Deciphering the role of nicotinamide metabolism and melanin-related genes in acute myocardial infarction: a machine learning approach integrating bioinformatics analysis.

Acute myocardial infarction (AMI) represents a significant global mortality factor. Alterations in nicotinamide metabolism within the myocardium post-AMI can influence the progression of the condition. Additionally, melanin plays a crucial role in nicotinamide metabolism and exhibits anti-inflammatory properties. Nevertheless, the diagnostic biomarkers for AMI that are based on nicotinamide metabolism and melanin-associated genes remain poorly defined. In this study, the AMI transcriptomic data from the Gene Expression Omnibus were analyzed to identify differentially expressed genes (DEGs) intersecting with nicotinamide metabolism and melatonin-related genes.
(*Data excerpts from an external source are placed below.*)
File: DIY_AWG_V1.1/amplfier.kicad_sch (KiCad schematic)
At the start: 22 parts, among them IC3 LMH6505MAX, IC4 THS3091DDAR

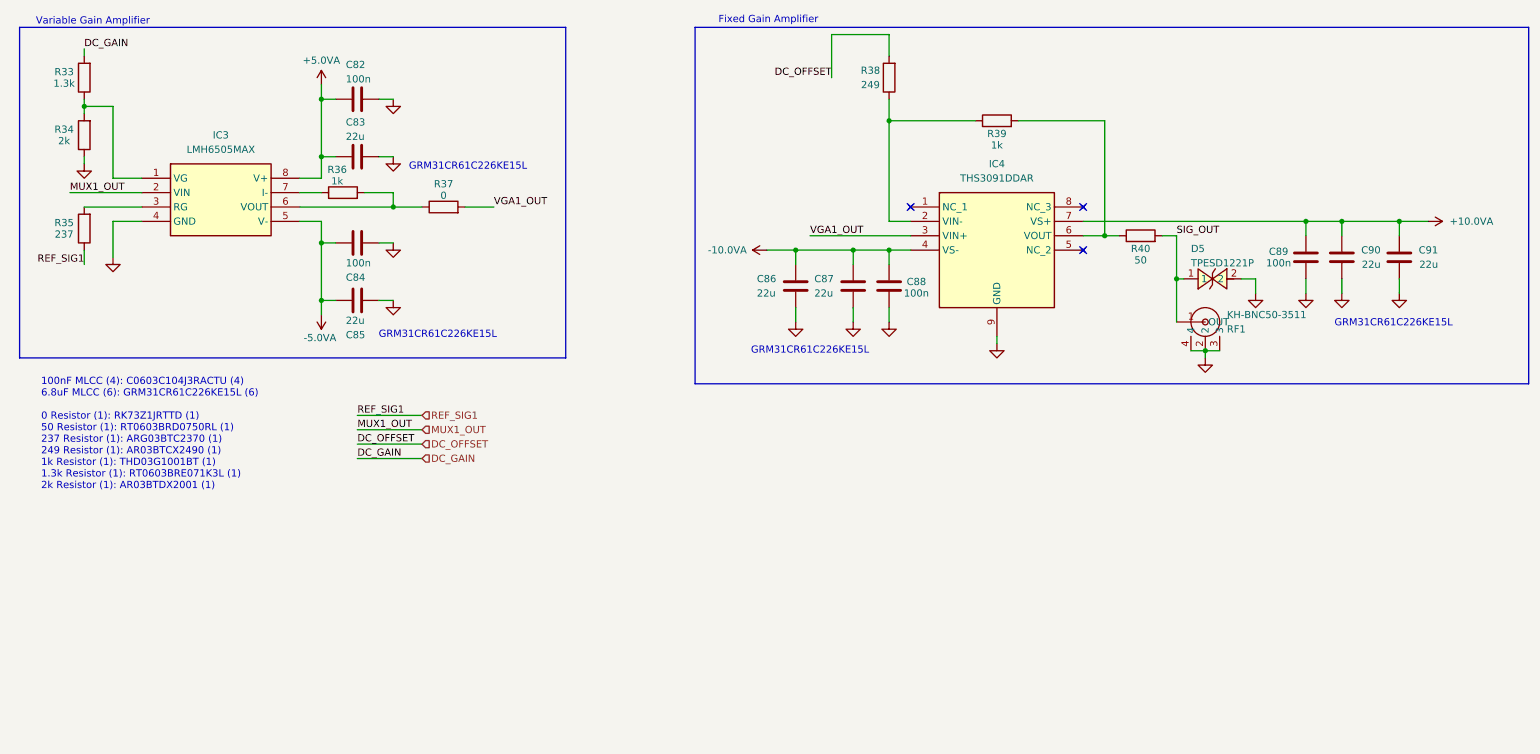
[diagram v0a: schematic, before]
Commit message: Updated to fix all ERCs
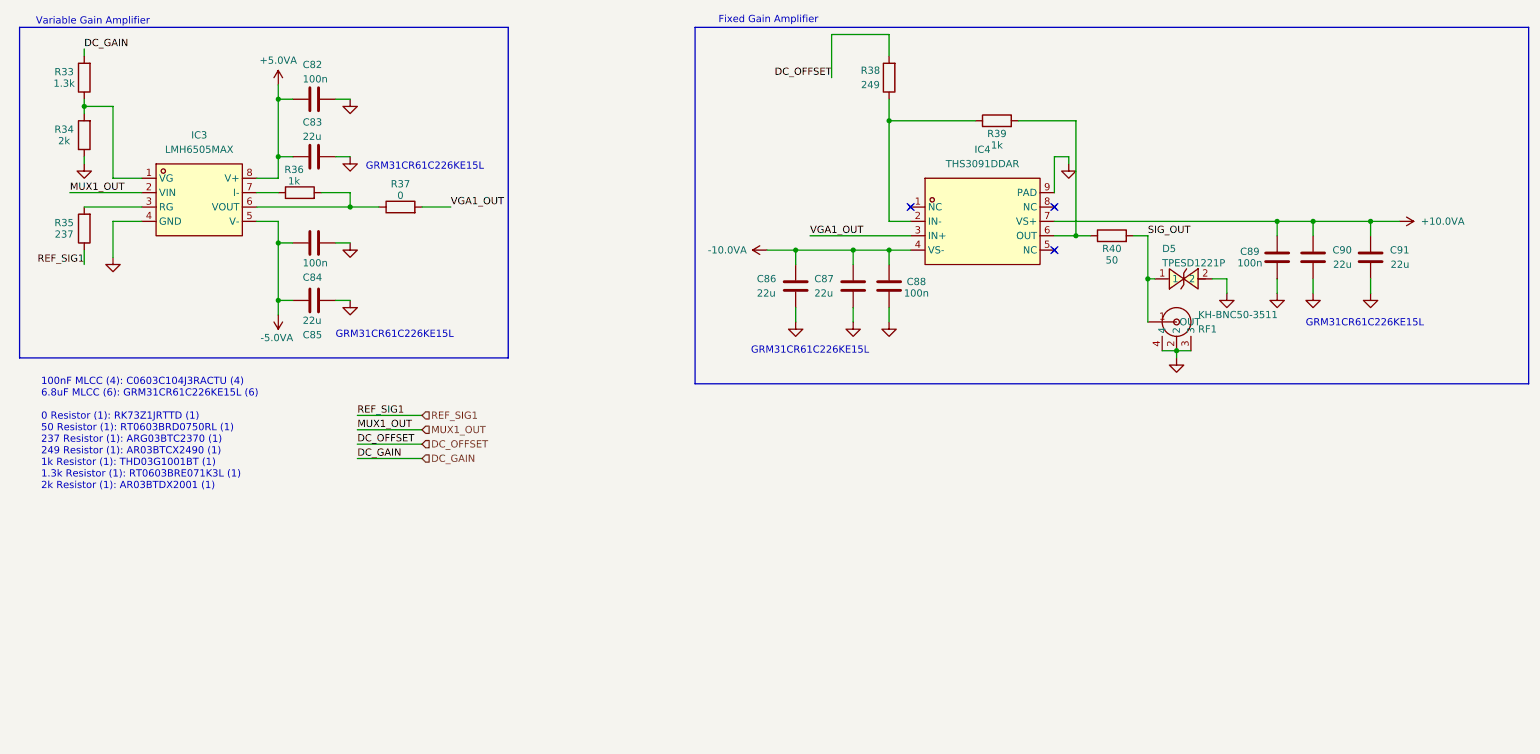
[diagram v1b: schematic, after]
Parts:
- removed IC3: LMH6505MAX, easyeda2kicad:SOP-8_L4.9-W3.9-P1.27-LS6.0-BL, symbol LMH6505MAX:LMH6505MAX
- removed IC4: THS3091DDAR, easyeda2kicad:SOIC-8_L4.9-W3.9-P1.27-LS6.0-BL-EP, symbol THS3091DDAR:THS3091DDAR
- added IC3: LMH6505MAX, easyeda2kicad:SOP-8_L4.9-W3.9-P1.27-LS6.0-BL, symbol easyeda2kicad:LMH6505MAX_NOPB
- added IC4: THS3091DDAR, easyeda2kicad:SOIC-8_L4.9-W3.9-P1.27-LS6.0-BL-EP, symbol easyeda2kicad:THS3091DDAR
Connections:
- net +10.0VA: now also IC4.7 (VS+)
- net +5.0VA: now also IC3.8 (V+)
- net -10.0VA: now also IC4.4 (VS-)
- net -5.0VA: now also IC3.5 (V-)
- net GND: now also IC3.4 (GND), IC4.9 (PAD)
- net MUX1_OUT: now also IC3.2 (VIN)
- net VGA1_OUT: now also IC4.3 (IN+)
- net at R39.2, R40.1: now also IC4.6 (OUT)
- net at R33.1, R34.2: now also IC3.1 (VG)
- net at R35.2: now also IC3.3 (RG)
- net at R36.2, R37.1: now also IC3.6 (VOUT)
- net at R36.1: now also IC3.7 (I-)
- net at R38.1, R39.1: now also IC4.2 (IN-)
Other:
- moved on the sheet: C82, C83, C84, C85, C89, C90, C91, D5, R36, R37, R40, RF1

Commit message: Updated component footprints
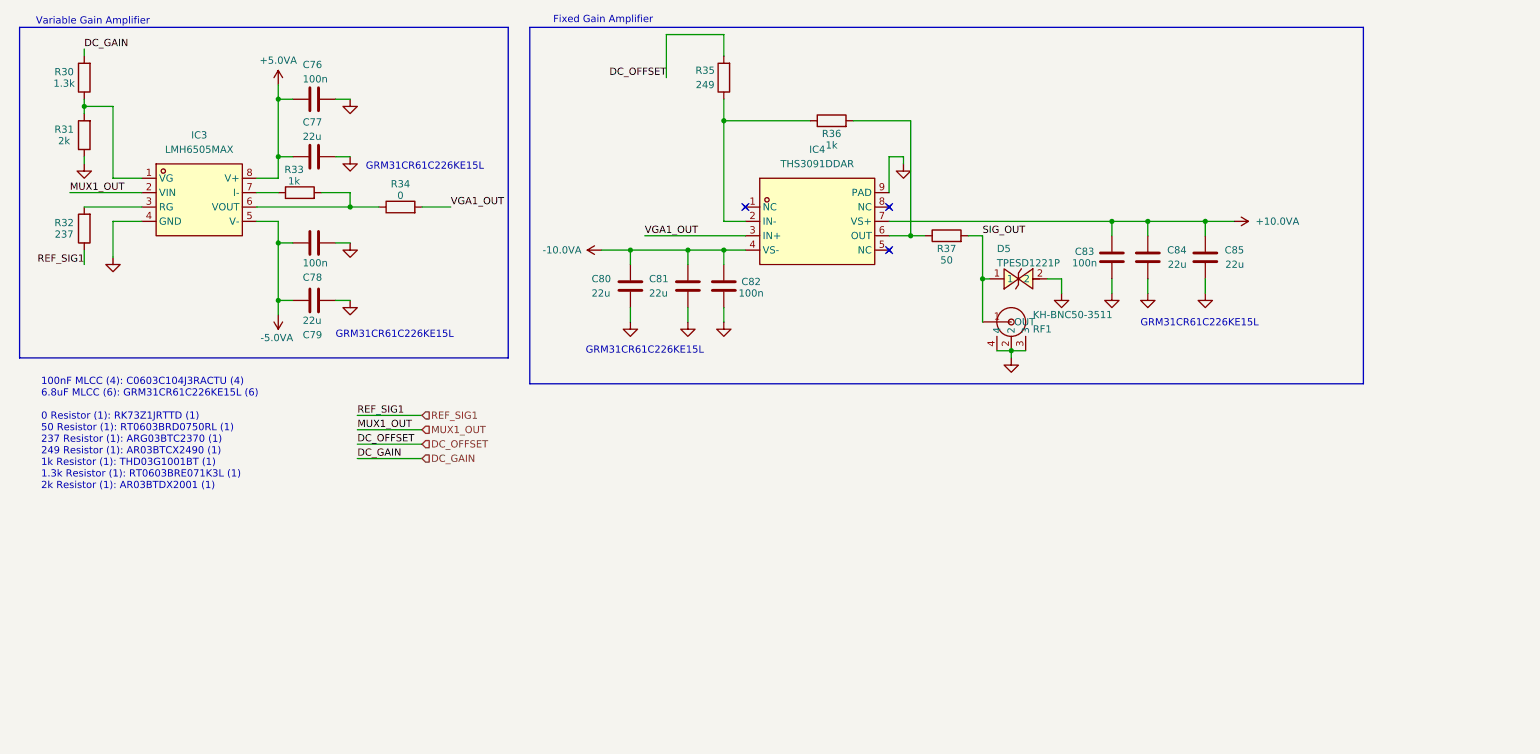
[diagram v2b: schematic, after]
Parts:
- renumbered C82 to C76, C83 to C77, C84 to C78, C85 to C79, C86 to C80, C87 to C81, C88 to C82, C89 to C83, C90 to C84, C91 to C85, R33 to R30, R34 to R31, R35 to R32, R36 to R33, R37 to R34, R38 to R35, R39 to R36, R40 to R37
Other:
- moved on the sheet: C80, C81, C82, C83, C84, C85, D5, IC4, R35, R36, R37, RF1

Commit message: Updated schematic footprints
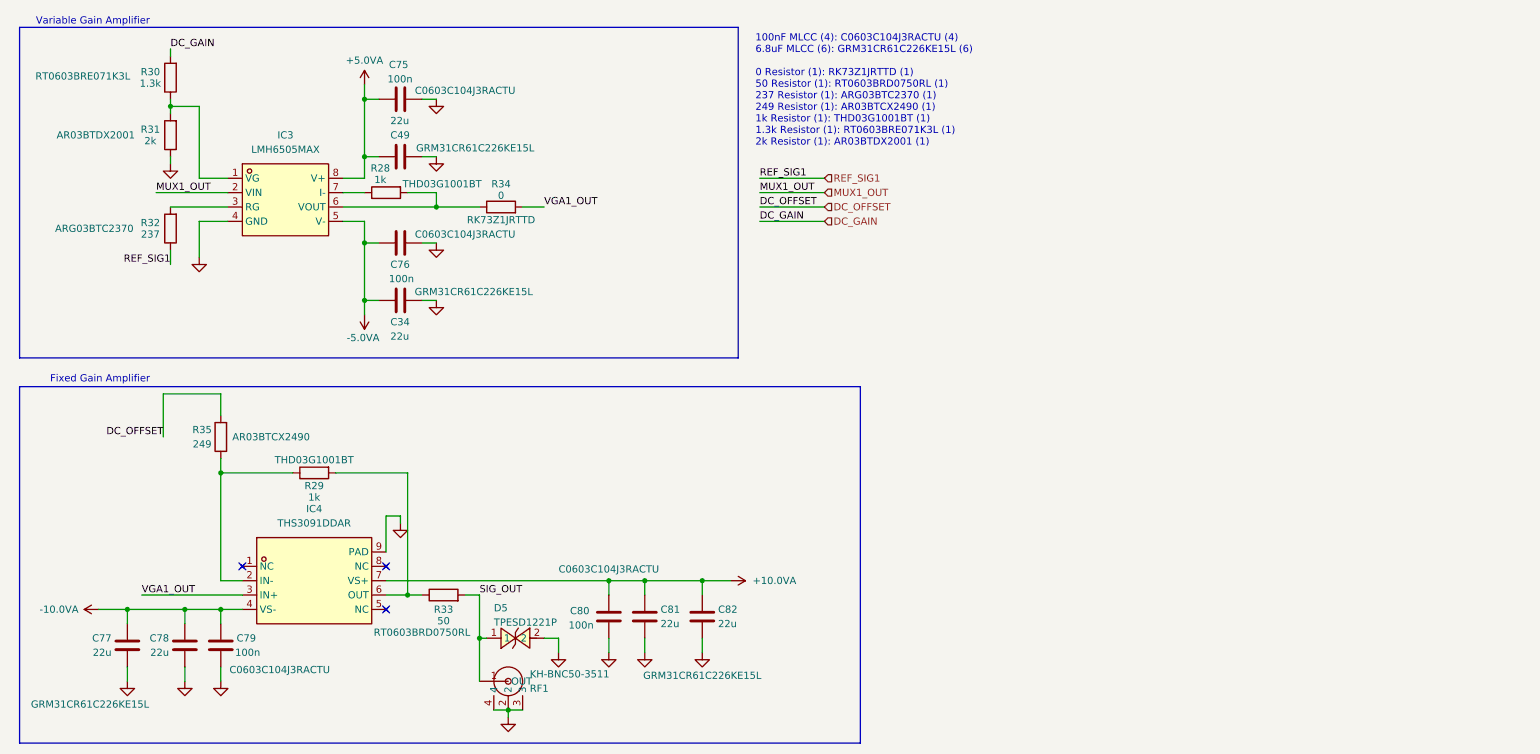
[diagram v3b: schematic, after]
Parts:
- removed C83: 100n, symbol Device:C
- removed C84, C85: 22u, symbol Device:C
- removed R36: 1k, symbol Device:R
- removed R37: 50, symbol Device:R
- added C34, C49: 22u, Capacitor_SMD:C_1206_3216Metric, symbol Device:C
- added C75: 100n, Capacitor_SMD:C_0603_1608Metric, symbol Device:C
- added R28, R29: 1k, Resistor_SMD:R_0603_1608Metric, symbol Device:R
- C76: footprint (none) -> Capacitor_SMD:C_0603_1608Metric; Component Name (none) -> C0603C104J3RACTU; LCSC ID (none) -> C2167388
- C77, C81: footprint (none) -> Capacitor_SMD:C_1206_3216Metric; Component Name (none) -> GRM31CR61C226KE15L; LCSC ID (none) -> C77088
- C78, C82: value 100n -> 22u; footprint (none) -> Capacitor_SMD:C_1206_3216Metric; Component Name (none) -> GRM31CR61C226KE15L; LCSC ID (none) -> C77088
- C79, C80: value 22u -> 100n; footprint (none) -> Capacitor_SMD:C_0603_1608Metric; Component Name (none) -> C0603C104J3RACTU; LCSC ID (none) -> C2167388
- R30: footprint (none) -> Resistor_SMD:R_0603_1608Metric; Component Name (none) -> RT0603BRE071K3L; LCSC ID (none) -> C136957
- R31: footprint (none) -> Resistor_SMD:R_0603_1608Metric; Component Name (none) -> AR03BTDX2001; LCSC ID (none) -> C319701
- R32: footprint (none) -> Resistor_SMD:R_0603_1608Metric; Component Name (none) -> ARG03BTC2370; LCSC ID (none) -> C2681612
- R33: value 1k -> 50; footprint (none) -> Resistor_SMD:R_0603_1608Metric; Component Name (none) -> RT0603BRD0750RL; LCSC ID (none) -> C5879483
- R34: footprint (none) -> Resistor_SMD:R_0603_1608Metric; Component Name (none) -> RK73Z1JRTTD; LCSC ID (none) -> C2596815
- R35: footprint (none) -> Resistor_SMD:R_0603_1608Metric; Component Name (none) -> AR03BTCX2490; LCSC ID (none) -> C2984337
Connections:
- net +10.0VA: now also C80.1, C81.1, C82.1
- net +5.0VA: now also C49.2, C75.2; no longer C76.1, C77.1
- net -10.0VA: now also C77.1, C78.1, C79.1; no longer C80.2, C81.2, C82.2
- net -5.0VA: now also C76.2, C34.2; no longer C78.1, C79.1
- net GND: now also C76.1, C80.2, C81.2, C82.2, C34.1, C49.1, C75.1; no longer C76.2, C80.1, C81.1, C82.1
- net SIG_OUT: now also R33.2
- net at IC4.6 (OUT): now also R33.1, R29.2
- net at IC4.2 (IN-), R35.1: now also R29.1
- net at IC3.6 (VOUT), R34.1: now also R28.2; no longer R33.2
- net at IC3.7 (I-): now also R28.1; no longer R33.1
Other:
- note removed: "GRM31CR61C226KE15L"
- moved on the sheet: D5, IC3, IC4, R30, R31, R32, R34, R35, RF1

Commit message: Updated schematics
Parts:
- removed R34: 0, Resistor_SMD:R_0603_1608Metric, symbol Device:R
- added R41: 0, Resistor_SMD:R_0603_1608Metric, symbol Device:R
- added RF11: IPEX-01, easyeda2kicad:IPEX-SMD_3P-L2.6-W2.6-LS3.0_YUANDI_RF-001, symbol easyeda2kicad:IPEX-01
- renumbered C77 to C76, C78 to C77, C79 to C78, C75 to C79, C49 to C80, C76 to C81, C34 to C82, C80 to C83, C81 to C84, C82 to C85, R30 to R34, R31 to R35, R32 to R36, R35 to R37, R29 to R38, R28 to R39, R33 to R40, RF1 to RF10
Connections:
- net GND: now also RF11.2, RF11.3
- net VGA1_OUT: now also IC3.6 (VOUT), R39.2, R41.2
- new net: R41.1, RF11.1

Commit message: Edited the electrical schematics, PCB design
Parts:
- removed RF11: IPEX-01, easyeda2kicad:IPEX-SMD_3P-L2.6-W2.6-LS3.0_YUANDI_RF-001, symbol easyeda2kicad:IPEX-01
- added CN10: RH-5019, easyeda2kicad:TESTPOINT-SMD_L3.8-W2.0_RH-5019, symbol easyeda2kicad:RH-5019
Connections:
- net at R41.1: now also CN10.1
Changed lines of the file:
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@@
 	(wire
 		(pts
-			(xy 109.22 68.58) (xy 111.76 68.58)
-		)
-		(stroke
-			(width 0)
-			(type default)
-		)
-	)
-	(wire
-		(pts
 			(xy 83.82 45.72) (xy 88.9 45.72)
 		)
@@
 	(wire
 		(pts
-			(xy 109.22 71.12) (xy 109.22 68.58)
-		)
-		(stroke
-			(width 0)
-			(type default)
-		)
-	)
-	(wire
-		(pts
 			(xy 80.01 102.87) (xy 82.55 102.87)
 		)
@@
 	(wire
 		(pts
-			(xy 127 68.58) (xy 129.54 68.58)
-		)
-		(stroke
-			(width 0)
-			(type default)
-		)
-	)
-	(wire
-		(pts
 			(xy 83.82 116.84) (xy 86.36 116.84)
 		)
@@
 	(wire
 		(pts
-			(xy 129.54 71.12) (xy 129.54 68.58)
-		)
-		(stroke
-			(width 0)
-			(type default)
-		)
-	)
-	(wire
-		(pts
 			(xy 80.01 114.3) (xy 119.38 114.3)
 		)
@@
 	(symbol
 		(lib_id "power:GND")
-		(at 109.22 71.12 0)
-		(mirror y)
-		(unit 1)
-		(body_style 1)
-		(exclude_from_sim no)
-		(in_bom yes)
-		(on_board yes)
-		(in_pos_files yes)
-		(dnp no)
-		(fields_autoplaced yes)
-		(property "Reference" "#PWR0199"
-			(at 109.22 77.47 0)
-			(hide yes)
-			(show_name no)
-			(do_not_autoplace no)
-			(effects
-				(font
-					(size 1.27 1.27)
-				)
-			)
-		)
-		(property "Value" "GND"
-			(at 109.22 76.2 0)
-			(hide yes)
-			(show_name no)
-			(do_not_autoplace no)
-			(effects
-				(font
-					(size 1.27 1.27)
-				)
-			)
-		)
-		(property "Footprint" ""
-			(at 109.22 71.12 0)
-			(hide yes)
-			(show_name no)
-			(do_not_autoplace no)
-			(effects
-				(font
-					(size 1.27 1.27)
-				)
-			)
-		)
-		(property "Datasheet" ""
-			(at 109.22 71.12 0)
-			(hide yes)
-			(show_name no)
-			(do_not_autoplace no)
-			(effects
-				(font
-					(size 1.27 1.27)
-				)
-			)
-		)
-		(property "Description" "Power symbol creates a global label with name \"GND\" , ground"
-			(at 109.22 71.12 0)
-			(hide yes)
-			(show_name no)
-			(do_not_autoplace no)
-			(effects
-				(font
-					(size 1.27 1.27)
-				)
-			)
-		)
-		(pin "1"
-		)
-		(instances
-			(project "DIY_AWG_V1.1"
-				(path "/508078af-d961-4af3-840e-a064a9f8d5bc/faa0e7f2-4ad4-4392-8346-980541b6a840"
-					(reference "#PWR0199")
-					(unit 1)
-				)
-			)
-		)
-	)
-	(symbol
-		(lib_id "power:GND")
 		(at 34.29 132.08 0)
 		(unit 1)
@@
 	)
 	(symbol
-		(lib_id "power:GND")
-		(at 129.54 71.12 0)
-		(mirror y)
-		(unit 1)
-		(body_style 1)
-		(exclude_from_sim no)
-		(in_bom yes)
-		(on_board yes)
-		(in_pos_files yes)
-		(dnp no)
-		(fields_autoplaced yes)
-		(property "Reference" "#PWR0203"
-			(at 129.54 77.47 0)
-			(hide yes)
-			(show_name no)
-			(do_not_autoplace no)
-			(effects
-				(font
-					(size 1.27 1.27)
-				)
-			)
-		)
-		(property "Value" "GND"
-			(at 129.54 76.2 0)
-			(hide yes)
-			(show_name no)
-			(do_not_autoplace no)
-			(effects
-				(font
-					(size 1.27 1.27)
-				)
-			)
-		)
-		(property "Footprint" ""
-			(at 129.54 71.12 0)
-			(hide yes)
-			(show_name no)
-			(do_not_autoplace no)
-			(effects
-				(font
-					(size 1.27 1.27)
-				)
-			)
-		)
-		(property "Datasheet" ""
-			(at 129.54 71.12 0)
-			(hide yes)
-			(show_name no)
-			(do_not_autoplace no)
-			(effects
-				(font
-					(size 1.27 1.27)
-				)
-			)
-		)
-		(property "Description" "Power symbol creates a global label with name \"GND\" , ground"
-			(at 129.54 71.12 0)
-			(hide yes)
-			(show_name no)
-			(do_not_autoplace no)
-			(effects
-				(font
-					(size 1.27 1.27)
-				)
-			)
-		)
-		(pin "1"
-		)
-		(instances
-			(project "DIY_AWG_V1.1"
-				(path "/508078af-d961-4af3-840e-a064a9f8d5bc/faa0e7f2-4ad4-4392-8346-980541b6a840"
-					(reference "#PWR0203")
-					(unit 1)
-				)
-			)
-		)
-	)
-	(symbol
 		(lib_id "Device:C")
 		(at 34.29 125.73 0)
@@
 	)
 	(symbol
+		(lib_id "easyeda2kicad:RH-5019")
+		(at 119.38 64.77 270)
+		(unit 1)
+		(body_style 1)
+		(exclude_from_sim no)
+		(in_bom yes)
+		(on_board yes)
+		(in_pos_files yes)
+		(dnp no)
+		(fields_autoplaced yes)
+		(property "Reference" "CN10"
+			(at 123.19 64.7699 90)
+			(show_name no)
+			(do_not_autoplace no)
+			(effects
+				(font
+					(size 1.27 1.27)
+				)
+				(justify left)
+			)
+		)
+		(property "Value" "RH-5019"
+			(at 123.19 67.3099 90)
+			(show_name no)
+			(do_not_autoplace no)
+			(effects
+				(font
+					(size 1.27 1.27)
+				)
+				(justify left)
+			)
+		)
+		(property "Footprint" "easyeda2kicad:TESTPOINT-SMD_L3.8-W2.0_RH-5019"
+			(at 111.76 64.77 0)
+			(hide yes)
+			(show_name no)
+			(do_not_autoplace no)
+			(effects
+				(font
+					(size 1.27 1.27)
+				)
+			)
+		)
+		(property "Datasheet" "https://www.lcsc.com/datasheet/C5199800.pdf"
+			(at 109.22 64.77 0)
+			(hide yes)
+			(show_name no)
+			(do_not_autoplace no)
+			(effects
+				(font
+					(size 1.27 1.27)
+				)
+			)
+		)
+		(property "Description" ""
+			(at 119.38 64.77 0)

Machine learning algorithms, including RandomForest, least absolute shrinkage and selection operator, and support vector machine-recursive feature elimination, were applied to select feature genes. Diagnostic markers were further evaluated based on area under the curve from receiver operating characteristic analysis. We identified 14 candidate genes, refined to 4 key genes, with NAMPT and BST1 ultimately selected as diagnostic biomarkers. These were used to classify AMI into two molecular subtypes. Immune landscape analysis revealed increased infiltration of monocytes, neutrophils, macrophages, and parainflammation in AMI. Enrichment analyses showed DEGs were mainly involved in innate immune response and cytokine production. Additionally, hsa-miR-34a-5p and hsa-miR-181b-5p were identified as potential regulators of NAMPT and BST1. In summary, NAMPT and BST1 are promising diagnostic biomarkers associated with nicotinamide metabolism and melatonin in AMI. The molecular subtyping based on these genes will enhance the management and hierarchical treatment of AMI, offering significant implications for clinical diagnosis and therapeutic strategies.